My mother never dated anyone. Ever. I think that after my father, she was through with men.

I only occasionally missed my father – mostly when I saw other boys playing sports with their dads. Even then, I mostly missed the idea of having a father rather than my actual father. Any time I thought of him, I pictured the enraged man standing over at me, stinking of liquor, his hand raised in the air to strike me. That usually cured any desire I had to get a new father.

The one thing that made me sad, though, was I always wanted a brother. I would have liked a couple of them, actually – and a little sister.

It was a feeling that never went away.

Growing up in Gothenburg was nice enough. I liked the city, but I hated school. I thought it was boring, and I never did very well. It wasn’t that I was dumb; I just thought everything other than reading, writing, and basic math was pointless.

He’s just not living up to his full potential was a constant refrain from my teachers.

I didn’t care. I figured I didn’t need history, biology, or algebra to become a soldier, which is what I wanted to be when I grew up.

Maybe it was all the American movies I watched as a kid. In American movies, the military were usually the good guys, and the good guys always kicked the bad guy’s ass.

Considering my first (and last) memory of my father – and how terrifying it was – the idea of being able to kick the bad guy’s ass was extremely appealing.

When I was 6 or 7, my mother supported my notion of being a soldier in the same way other parents supported their kids when they said they wanted to be an astronaut or a cop.

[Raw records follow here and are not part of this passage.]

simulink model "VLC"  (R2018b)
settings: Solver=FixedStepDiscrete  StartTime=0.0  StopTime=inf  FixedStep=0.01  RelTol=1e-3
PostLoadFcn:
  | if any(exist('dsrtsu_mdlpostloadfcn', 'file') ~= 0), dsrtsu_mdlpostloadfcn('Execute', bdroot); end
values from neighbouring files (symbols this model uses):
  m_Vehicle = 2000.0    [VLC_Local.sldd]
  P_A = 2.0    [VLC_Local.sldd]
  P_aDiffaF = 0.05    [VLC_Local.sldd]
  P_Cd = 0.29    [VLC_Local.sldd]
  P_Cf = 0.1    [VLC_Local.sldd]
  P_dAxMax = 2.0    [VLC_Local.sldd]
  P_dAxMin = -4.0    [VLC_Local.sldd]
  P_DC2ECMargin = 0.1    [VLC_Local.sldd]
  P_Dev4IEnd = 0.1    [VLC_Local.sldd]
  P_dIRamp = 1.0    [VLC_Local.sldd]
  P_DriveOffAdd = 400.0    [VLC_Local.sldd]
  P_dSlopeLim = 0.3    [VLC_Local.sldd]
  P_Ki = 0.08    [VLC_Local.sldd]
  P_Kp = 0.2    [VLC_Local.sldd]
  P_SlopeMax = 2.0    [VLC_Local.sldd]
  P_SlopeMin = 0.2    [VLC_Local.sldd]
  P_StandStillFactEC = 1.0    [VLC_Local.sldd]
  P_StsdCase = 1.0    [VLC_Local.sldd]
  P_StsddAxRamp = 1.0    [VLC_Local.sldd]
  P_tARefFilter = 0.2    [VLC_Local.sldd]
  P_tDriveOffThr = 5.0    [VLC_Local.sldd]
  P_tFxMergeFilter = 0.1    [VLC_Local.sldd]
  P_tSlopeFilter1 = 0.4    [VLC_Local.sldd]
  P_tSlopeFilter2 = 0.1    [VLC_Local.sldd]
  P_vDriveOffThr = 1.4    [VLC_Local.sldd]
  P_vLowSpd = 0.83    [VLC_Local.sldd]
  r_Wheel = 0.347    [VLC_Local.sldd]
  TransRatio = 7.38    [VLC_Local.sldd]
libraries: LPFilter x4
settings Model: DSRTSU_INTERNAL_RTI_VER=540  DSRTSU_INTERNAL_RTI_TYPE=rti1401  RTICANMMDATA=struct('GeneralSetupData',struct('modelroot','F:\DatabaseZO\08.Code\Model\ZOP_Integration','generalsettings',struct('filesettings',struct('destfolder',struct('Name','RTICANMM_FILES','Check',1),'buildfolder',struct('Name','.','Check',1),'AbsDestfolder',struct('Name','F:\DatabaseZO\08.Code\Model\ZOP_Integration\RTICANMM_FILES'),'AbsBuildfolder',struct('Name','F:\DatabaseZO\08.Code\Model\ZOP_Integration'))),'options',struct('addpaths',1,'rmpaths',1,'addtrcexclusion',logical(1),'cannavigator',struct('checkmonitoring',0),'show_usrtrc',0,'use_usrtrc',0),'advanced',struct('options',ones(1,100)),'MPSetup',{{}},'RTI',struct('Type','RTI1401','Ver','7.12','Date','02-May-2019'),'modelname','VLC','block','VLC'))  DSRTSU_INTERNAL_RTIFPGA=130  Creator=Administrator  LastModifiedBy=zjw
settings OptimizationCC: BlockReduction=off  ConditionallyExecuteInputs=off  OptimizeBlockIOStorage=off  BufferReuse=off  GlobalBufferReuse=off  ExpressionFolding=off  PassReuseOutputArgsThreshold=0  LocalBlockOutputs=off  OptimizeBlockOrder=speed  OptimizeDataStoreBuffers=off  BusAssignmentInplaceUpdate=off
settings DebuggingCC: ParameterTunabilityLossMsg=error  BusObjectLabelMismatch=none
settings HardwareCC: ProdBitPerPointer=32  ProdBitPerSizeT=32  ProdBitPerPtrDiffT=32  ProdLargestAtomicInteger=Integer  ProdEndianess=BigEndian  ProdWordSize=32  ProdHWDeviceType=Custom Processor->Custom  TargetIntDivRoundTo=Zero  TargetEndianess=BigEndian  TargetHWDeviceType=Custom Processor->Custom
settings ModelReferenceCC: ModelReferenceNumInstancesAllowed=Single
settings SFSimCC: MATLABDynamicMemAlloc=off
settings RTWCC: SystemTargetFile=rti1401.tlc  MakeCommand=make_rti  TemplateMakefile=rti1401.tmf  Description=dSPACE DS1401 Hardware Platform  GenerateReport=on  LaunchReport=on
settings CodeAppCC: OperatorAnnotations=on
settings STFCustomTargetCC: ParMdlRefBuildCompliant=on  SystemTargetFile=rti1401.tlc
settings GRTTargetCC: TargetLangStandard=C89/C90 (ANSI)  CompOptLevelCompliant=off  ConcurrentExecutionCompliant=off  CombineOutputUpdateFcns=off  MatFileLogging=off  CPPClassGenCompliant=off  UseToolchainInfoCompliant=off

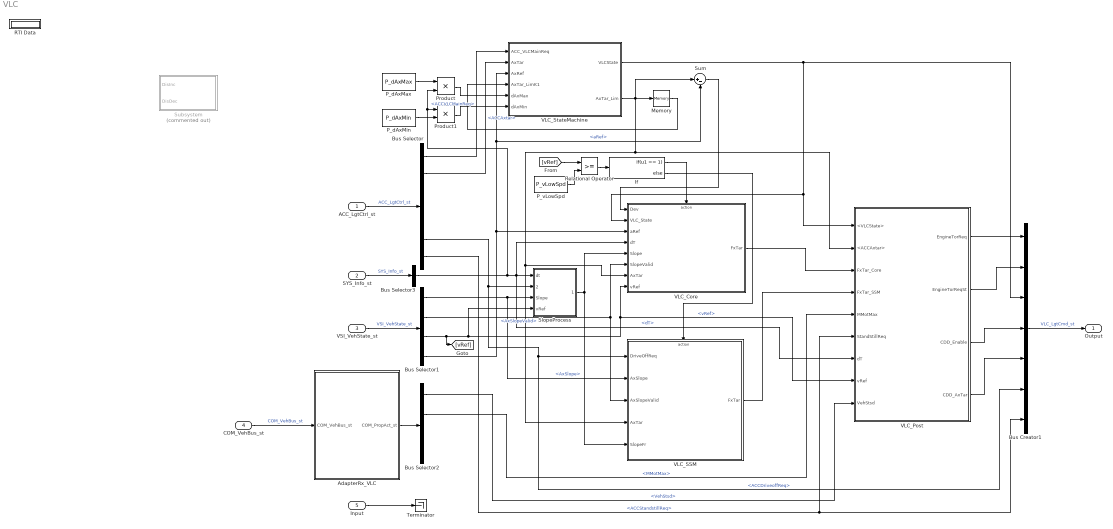
== system VLC ==
  ACC_LgtCtrl_st : Inport  OutDataTypeStr=Bus: ACC_LGTCTRL_ST  BusOutputAsStruct=on
  SYS_Info_st : Inport  Port=2  OutDataTypeStr=Bus: SYS_INFO_ST  BusOutputAsStruct=on
  VSI_VehState_st : Inport  Port=3  OutDataTypeStr=Bus: VSI_VEHSTATE_ST  BusOutputAsStruct=on
  COM_VehBus_st : Inport  Port=4  OutDataTypeStr=Bus: COM_VEHBUS_ST  BusOutputAsStruct=on
  Input : Inport  Port=5  OutDataTypeStr=Bus: COM_PROPACT_ST  BusOutputAsStruct=on
  AdapterRx_VLC : Subsystem
  Bus Creator1 : BusCreator  Inputs=7  OutDataTypeStr=Bus: VLC_LGTCMD_ST  NonVirtualBus=on
  Bus Selector : BusSelector  OutputSignals=ACCVLCMainReq,ACCAxtar,ACCAxTarUpperComfBand,ACCAxTarLowerComfBand,ACCBrkPrfrd,ACCDriveoffReq,ACCStandstillReq
  Bus Selector1 : BusSelector  OutputSignals=AxSlope,AxSlopeValid,vRef,aRef
  Bus Selector2 : BusSelector  OutputSignals=VehStsd,MMotMax,MMotMin,BrakeForce
  Bus Selector3 : BusSelector  OutputSignals=dT
  If : If  IfExpression=u1 == 1
  Memory : Memory
  P_dAxMax : Constant  Value=P_dAxMax
  P_dAxMin : Constant  Value=P_dAxMin
  P_vLowSpd : Constant  Value=P_vLowSpd
  Product : Product
  Product1 : Product
  RTI Data : Subsystem  Tag=struct('RTIDataServer',struct('RTIDataServerVs','2','RTIModelDescription','struct(''main'',''VLC'',''sub'','''',''isMp'',0)'))  LoadFcn="if exist('rtidc'), try,  rtidc('DataHostBlockClbLoad', gcbh); catch, disp(['Warning: ''LoadFcn'' for RTI Data block failed: ' lasterr]); end, end,"  mask(RTI_DATA_HOST){}
      mask help:
      | RTI Data Block.
      | This block is used by RTI to store internal model-dependent data.
      | Please keep this block on the root level of the model. Deleting this block will result in data loss.
      |
      | NEVER DELETE OR COPY THIS BLOCK!
      settings: CopyFcn="if exist('rtidc'), try,  rtidc('DataHostBlockClbCopy', gcbh); catch, disp(['Warning: ''CopyFcn'' for RTI Data block failed: ' lasterr]); end, end,"  DeleteFcn="if exist('rtidc'), try,  rtidc('DataHostBlockClbDelete', gcbh); catch, disp(['Warning: ''DeleteFcn'' for RTI Data block failed: ' lasterr]); end, end,"  ModelCloseFcn="if exist('rtidc'), try,  rtidc('DataHostBlockClbModelClose', gcbh); catch, disp(['Warning: ''ModelCloseFcn'' for RTI Data block failed: ' lasterr]); end, end,"  PreSaveFcn="if exist('rtidc'), try,  rtidc('DataHostBlockClbPreSave', gcbh); catch, disp(['Warning: ''PreSaveFcn'' for RTI Data block failed: ' lasterr]); end, end,"  PostSaveFcn="if exist('rtidc'), try,  rtidc('DataHostBlockClbPostSave', gcbh); catch, disp(['Warning: ''PostSaveFcn'' for RTI Data block failed: ' lasterr]); end, end,"  NameChangeFcn="if exist('rtidc'), try,  rtidc('DataHostBlockClbNameChange', gcbh); catch, disp(['Warning: ''NameChangeFcn'' for RTI Data block failed: ' lasterr]); end, end,"
      mask Help:
      | RTI Data Block.
      | This block is used by RTI to store internal model-dependent data.
      | Please keep this block on the root level of the model. Deleting this block will result in data loss.
      | 
      | NEVER DELETE OR COPY THIS BLOCK!
      mask Display:
      | text(0.5, 0.5, 'RTI Data', 'HorizontalAlignment', 'center');
      | plot([1 0]);
  Relational Operator : RelationalOperator  OutDataTypeStr=boolean  RndMeth=Simplest
  SlopeProcess : Subsystem
  Subsystem : Subsystem  Commented=on
  Sum : Sum  Inputs=|+-
  Terminator : Terminator
  VLC_Core : Subsystem
  VLC_Post : Subsystem
  VLC_SSM : Subsystem
  VLC_StateMachine : Stateflow chart  TreatAsAtomicUnit=on
  Output : Outport  OutDataTypeStr=Bus: VLC_LGTCMD_ST  BusOutputAsStruct=on
  wires:
  VSI_VehState_st/1 -> Bus Selector1/1  "VSI_VehState_st"
  If/1 -> VLC_Core/Action
  Bus Selector/2 -> VLC_StateMachine/2(AxTar)  "<ACCAxtar>"
  Bus Selector1/4 -> Sum/2, VLC_StateMachine/3(AxRef), VLC_Core/3(aRef)  "<aRef>"
  Bus Selector1/3 -> [vRef], SlopeProcess/4(vRef), VLC_Post/8(vRef), VLC_Core/8(vRef)  "<vRef>"
  If/2 -> VLC_SSM/Action
  Bus Selector/6 -> SlopeProcess/2(DriveOffReq), Bus Creator1/6, VLC_SSM/1(DriveOffReq)  "<ACCDriveoffReq>"
  Bus Selector1/2 -> VLC_SSM/3(AxSlopeValid), VLC_Core/6(SlopeValid)  "<AxSlopeValid>"
  Sum/1 -> VLC_Core/1(Dev)
  VLC_Core/1(FxTar) -> VLC_Post/3(FxTar_Core)
  VLC_SSM/1(FxTar) -> VLC_Post/4(FxTar_SSM)
  Bus Selector2/2 -> VLC_Post/5(MMotMax)  "<MMotMax>"
  Bus Selector/1 -> VLC_StateMachine/1(ACC_VLCMainReq)  "<ACCVLCMainReq>"
  VLC_StateMachine/1(VLCState) -> Bus Creator1/3, VLC_Post/1(<VLCState>), VLC_Core/2(VLC_State)
  VLC_StateMachine/2(AxTar_Lim) -> Memory/1, VLC_Post/2(<ACCAxtar>), VLC_SSM/4(AxTar), VLC_Core/7(AxTar), Sum/1
  Memory/1 -> VLC_StateMachine/4(AxTar_LimK1)
  VLC_Post/1(EngineTorReq) -> Bus Creator1/1
  VLC_Post/2(EngineTorReqSt) -> Bus Creator1/2
  VLC_Post/3(CDD_Enable) -> Bus Creator1/4
  VLC_Post/4(CDD_AxTar) -> Bus Creator1/5
  Bus Selector/7 -> Bus Creator1/7, VLC_Post/6(StandStillReq)  "<ACCStandstillReq>"
  SYS_Info_st/1 -> Bus Selector3/1  "SYS_Info_st"
  Bus Selector3/1 -> VLC_Post/7(dT), SlopeProcess/1(dt), VLC_Core/4(dT), Product/2, Product1/1  "<dT>"
  ACC_LgtCtrl_st/1 -> Bus Selector/1  "ACC_LgtCtrl_st"
  Product/1 -> VLC_StateMachine/5(dAxMax)
  P_dAxMax/1 -> Product/1
  AdapterRx_VLC/1(COM_PropAct_st) -> Bus Selector2/1
  COM_VehBus_st/1 -> AdapterRx_VLC/1(COM_VehBus_st)  "COM_VehBus_st"
  Bus Creator1/1 -> Output/1  "VLC_LgtCmd_st"
  Input/1 -> Terminator/1
  Bus Selector1/1 -> VLC_SSM/2(AxSlope), SlopeProcess/3(Slope)  "<AxSlope>"
  P_dAxMin/1 -> Product1/2
  Product1/1 -> VLC_StateMachine/6(dAxMin)
  SlopeProcess/1(SlopeFr) -> VLC_SSM/5(SlopeFr), VLC_Core/5(Slope)
  Bus Selector2/1 -> VLC_Post/9(VehStsd)  "<VehStsd>"
  P_vLowSpd/1 -> Relational Operator/2
  [vRef] -> Relational Operator/1
  Relational Operator/1 -> If/1

== system VLC/AdapterRx_VLC ==
  COM_VehBus_st : Inport  OutDataTypeStr=Bus: COM_VEHBUS_ST
  Bus Creator2 : BusCreator  Inputs=4  OutDataTypeStr=Bus: COM_PROPACT_ST  NonVirtualBus=on
  Bus Selector : BusSelector  OutputSignals=x251.VehSdslSts,xAC.EPTTrInptShaftMaxAvlblToq,xAC.EPTTrInptShaftMinAvlblToq,x24C.WhlBrkPrsSts
  Cast To Boolean : DataTypeConversion  OutDataTypeStr=single
  Divide : Product  Inputs=**
  Divide1 : Product  Inputs=**
  Logical Operator7 : Logic  Operator=NOT  AllPortsSameDT=off  OutDataTypeStr=boolean
  TransRatio : Constant  Value=TransRatio
  COM_PropAct_st : Outport  OutDataTypeStr=Bus: COM_PROPACT_ST
  wires:
  Bus Creator2/1 -> COM_PropAct_st/1  "COM_PropAct_st"
  Logical Operator7/1 -> Bus Creator2/4  "BrakeForce"
  Divide1/1 -> Bus Creator2/3  "MMotMin"
  Divide/1 -> Bus Creator2/2  "MMotMax"
  COM_VehBus_st/1 -> Bus Selector/1  "COM_VehBus_st"
  Bus Selector/4 -> Logical Operator7/1  "<WhlBrkPrsSts>"
  TransRatio/1 -> Divide/2, Divide1/2
  Bus Selector/2 -> Divide/1  "<EPTTrInptShaftMaxAvlblToq>"
  Bus Selector/3 -> Divide1/1  "<EPTTrInptShaftMinAvlblToq>"
  Bus Selector/1 -> Cast To Boolean/1  "<VehSdslSts>"
  Cast To Boolean/1 -> Bus Creator2/1  "VehStsd"

== system VLC/RTI Data ==
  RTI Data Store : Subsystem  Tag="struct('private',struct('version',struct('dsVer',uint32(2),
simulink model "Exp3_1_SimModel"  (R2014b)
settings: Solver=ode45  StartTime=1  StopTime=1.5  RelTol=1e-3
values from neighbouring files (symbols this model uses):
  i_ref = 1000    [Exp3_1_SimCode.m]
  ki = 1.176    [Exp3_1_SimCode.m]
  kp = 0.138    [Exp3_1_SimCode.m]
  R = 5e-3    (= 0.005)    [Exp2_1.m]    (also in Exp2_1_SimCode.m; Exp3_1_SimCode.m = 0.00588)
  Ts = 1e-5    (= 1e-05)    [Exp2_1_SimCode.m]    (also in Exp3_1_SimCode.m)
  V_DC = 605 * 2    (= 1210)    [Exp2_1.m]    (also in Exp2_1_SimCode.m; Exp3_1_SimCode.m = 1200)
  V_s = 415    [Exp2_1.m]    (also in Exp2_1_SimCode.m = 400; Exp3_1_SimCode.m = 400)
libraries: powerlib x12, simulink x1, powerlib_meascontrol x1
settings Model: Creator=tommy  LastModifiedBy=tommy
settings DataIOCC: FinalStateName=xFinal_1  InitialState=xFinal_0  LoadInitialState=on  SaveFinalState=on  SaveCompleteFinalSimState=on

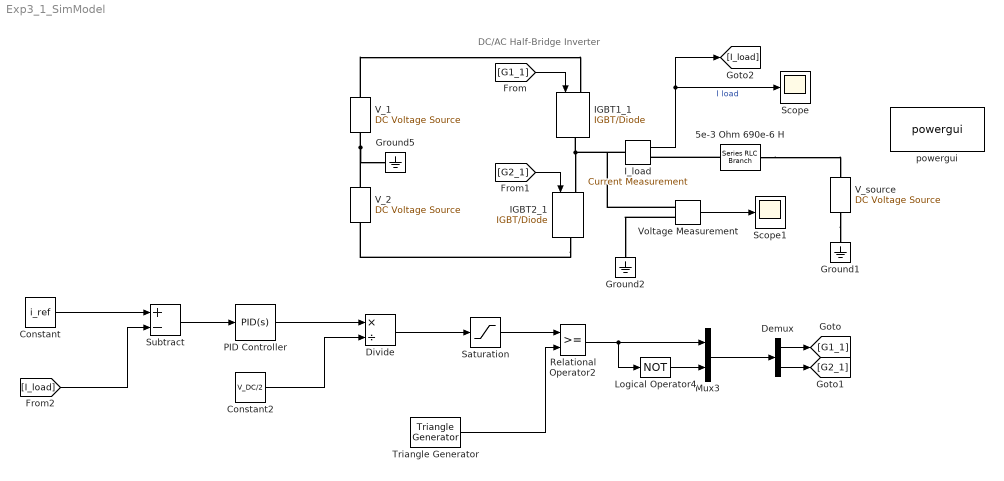
== system Exp3_1_SimModel ==
  note: DC/AC Half-Bridge Inverter
  5e-3 Ohm 690e-6 H : powerlib/Elements/Series RLC Branch  LConnTagsString=__new0  RConnTagsString=__new0  BranchType=RL  Resistance=R  Inductance=690e-6  SetiL0=off  InitialCurrent=1.6e3  Capacitance=[]  Setx0=off  InitialVoltage=0  Measurements=None
  Constant : Constant  Value=i_ref
  Constant2 : Constant  Value=V_DC/2
  Demux : Demux  Outputs=2
  Divide : Product  Inputs=*/
  Ground1 : powerlib/Elements/Ground  LConnTagsString=a
  Ground2 : powerlib/Elements/Ground  LConnTagsString=a
  Ground5 : powerlib/Elements/Ground  LConnTagsString=a
  IGBT1_1 : powerlib/Power Electronics/IGBT//Diode  Ron=1e-6  Rs=1e5  Cs=inf  Measurements=off
  IGBT2_1 : powerlib/Power Electronics/IGBT//Diode  Ron=1e-6  Rs=1e5  Cs=inf  Measurements=off
  I_load : powerlib/Measurements/Current Measurement  Tag=PoWeRsYsTeMmEaSuReMeNt  PhasorSimulation=off  OutputType=Magnitude  PSBequivalent=0
  Logical Operator4 : Logic  Operator=NOT
  Mux3 : Mux  Inputs=2
  PID Controller : simulink/Continuous/PID Controller  Controller=PID  TimeDomain=Continuous-time  SampleTime=-1  IntegratorMethod=Forward Euler  FilterMethod=Forward Euler  Form=Parallel  P=kp  I=ki  D=0  N=0  InitialConditionSource=internal  InitialConditionForIntegrator=0  InitialConditionForFilter=0  ExternalReset=none  LimitOutput=off  UpperSaturationLimit=inf  LowerSaturationLimit=-inf  LinearizeAsGain=on  AntiWindupMode=none  Kb=1  TrackingMode=off  Kt=1  PParamMin=[]  PParamMax=[]  IParamMin=[]  IParamMax=[]  DParamMin=[]  DParamMax=[]  NParamMin=[]  NParamMax=[]  KbParamMin=[]  KbParamMax=[]  KtParamMin=[]  KtParamMax=[]  POutMin=[]  POutMax=[]  IOutMin=[]  IOutMax=[]  DOutMin=[]  DOutMax=[]  NOutMin=[]  NOutMax=[]  KbOutMin=[]  KbOutMax=[]  KtOutMin=[]  KtOutMax=[]  IntegratorOutMin=[]  IntegratorOutMax=[]  FilterOutMin=[]  FilterOutMax=[]  SumOutMin=[]  SumOutMax=[]  SumI1OutMin=[]  SumI1OutMax=[]  SumI2OutMin=[]  SumI2OutMax=[]  SumI3OutMin=[]  SumI3OutMax=[]  SumDOutMin=[]  SumDOutMax=[]  SaturationOutMin=[]  SaturationOutMax=[]  IntegratorContinuousStateAttributes=''  IntegratorStateMustResolveToSignalObject=off  IntegratorRTWStateStorageClass=Auto  FilterContinuousStateAttributes=''  FilterStateMustResolveToSignalObject=off  FilterRTWStateStorageClass=Auto  DifferentiatorICPrevScaledInput=0  DifferentiatorOutMin=[]  DifferentiatorOutMax=[]  UseFilter=on
  Relational Operator2 : RelationalOperator  OutDataTypeStr=boolean  ZeroCross=off  InputSameDT=on
  Saturation : Saturate  UpperLimit=1  LowerLimit=-1
  Scope : Scope
      settings: TimeRange=0.1489795918367347  YMin=3534.36018957346  YMax=4174.170616113744  SaveName=I_load
  Scope1 : Scope
      settings: YMin=0  YMax=35000
  Subtract : Sum  Inputs=+-
  Triangle Generator : powerlib_meascontrol/Pulse & Signal Generators/Triangle Generator  Freq=54*60  Phase=0  Ts=0
  V_1 : powerlib/Electrical Sources/DC Voltage Source  Description=source block  Amplitude=V_DC/2  Measurements=None
      settings: AttributesFormatString=\n
  V_2 : powerlib/Electrical Sources/DC Voltage Source  Description=source block  Amplitude=V_DC/2  Measurements=None
      settings: AttributesFormatString=\n
  V_source : powerlib/Electrical Sources/DC Voltage Source  Amplitude=V_s  Measurements=None
  Voltage Measurement : powerlib/Measurements/Voltage Measurement  PhasorSimulation=off  OutputType=Complex  PSBequivalent=0
  powergui : powerlib/powergui  SimulationMode=Discrete  SolverType=Tustin/Backward Euler (TBE)  SampleTime=Ts  frequency=60  SPID=off  DisableSnubberDevices=off  DisableRonSwitches=off  DisableVfSwitches=off  SwTol=0  DisplayEquations=off  Interpol=off  methode=off  Ts=0  frequencyindice=0  Pbase=100e6  ErrMax=1e-4  Iterations=50  UnitsV=kV  UnitsW=MW  FunctionMessages=off  echomessages=off  HookPort=off  EnableUseOfTLC=off  x0status=blocks  RestoreLinks=warning  ResistiveCurrentMeasurement=off  Frange=[0:2:500]  Ylog=off  Xlog=on  ShowGrid=off  save=off  variable=ZData  structure=sps1phPWM1_str  ZoomFFT=on  StartTime=0.1-2/60  cycles=2  DisplayStyle=1  fundamental=60  FreqAxis=off  MaxFrequency=5000  frequencyindicesteady=1  RmsSteady=1  display=off
  wires:
  [G1_1] -> IGBT1_1/1
  [G2_1] -> IGBT2_1/1
  Demux/1 -> [G1_1]
  Demux/2 -> [G2_1]
  I_load/1 -> [I_load], Scope/1  "I load"
  Voltage Measurement/1 -> Scope1/1
  Triangle Generator/1 -> Relational Operator2/2
  Logical Operator4/1 -> Mux3/2
  Mux3/1 -> Demux/1
  Relational Operator2/1 -> Logical Operator4/1, Mux3/1
  Constant/1 -> Subtract/1
  [I_load] -> Subtract/2
  Subtract/1 -> PID Controller/1
  PID Controller/1 -> Divide/1
  Divide/1 -> Saturation/1
  Saturation/1 -> Relational Operator2/1
  Constant2/1 -> Divide/2
  connections:
  V_1/LConn1 -- V_2/RConn1 -- Ground5/LConn1
  IGBT1_1/RConn1 -- Voltage Measurement/LConn1 -- I_load/LConn1 -- IGBT2_1/LConn1
  IGBT2_1/RConn1 -- V_2/LConn1
  V_1/RConn1 -- IGBT1_1/LConn1
  5e-3 Ohm 690e-6 H/RConn1 -- I_load/RConn1
  V_source/LConn1 -- Ground1/LConn1
  5e-3 Ohm 690e-6 H/LConn1 -- V_source/RConn1
  Voltage Measurement/LConn2 -- Ground2/LConn1

As I became a teenager, though, and my intentions never waned, I could tell she was nervous about me getting hurt in the military – but she was still supportive.

“Just as long as you stay kind and good, and you protect women, like you did that night when you were four years old,” she would say as she kissed my cheek.

She wasn’t happy, though, when I actually enlisted – mostly because I did it the morning I turned 18. I skipped school and went straight to the Gothenburg enlistment office, and only told her that afternoon when I got home. That was not a pleasant scene.

She liked it even less that I didn’t bother to graduate from high school. I signed up for the earliest basic training camp I could get and never looked back.

But my mother had to admit that the Swedish Armed Forces had a profound and positive effect on my life.

First and foremost, the discipline did wonders for me. With my superiors more than willing to put me on latrine duty for the slightest infraction, I quickly realized I’d better get my shit together – or I would be scrubbing shit for the next four years.

I buckled down and took my time in the service seriously. As a result, I rose quickly through the ranks of enlisted men.

As far as relationships, they were limited to flings with women who lived near the bases where I was stationed. While most of the women I dated were fun, I never met anybody I wanted to stay with for the long term. My focus was on my career in the military; everything else was a distraction.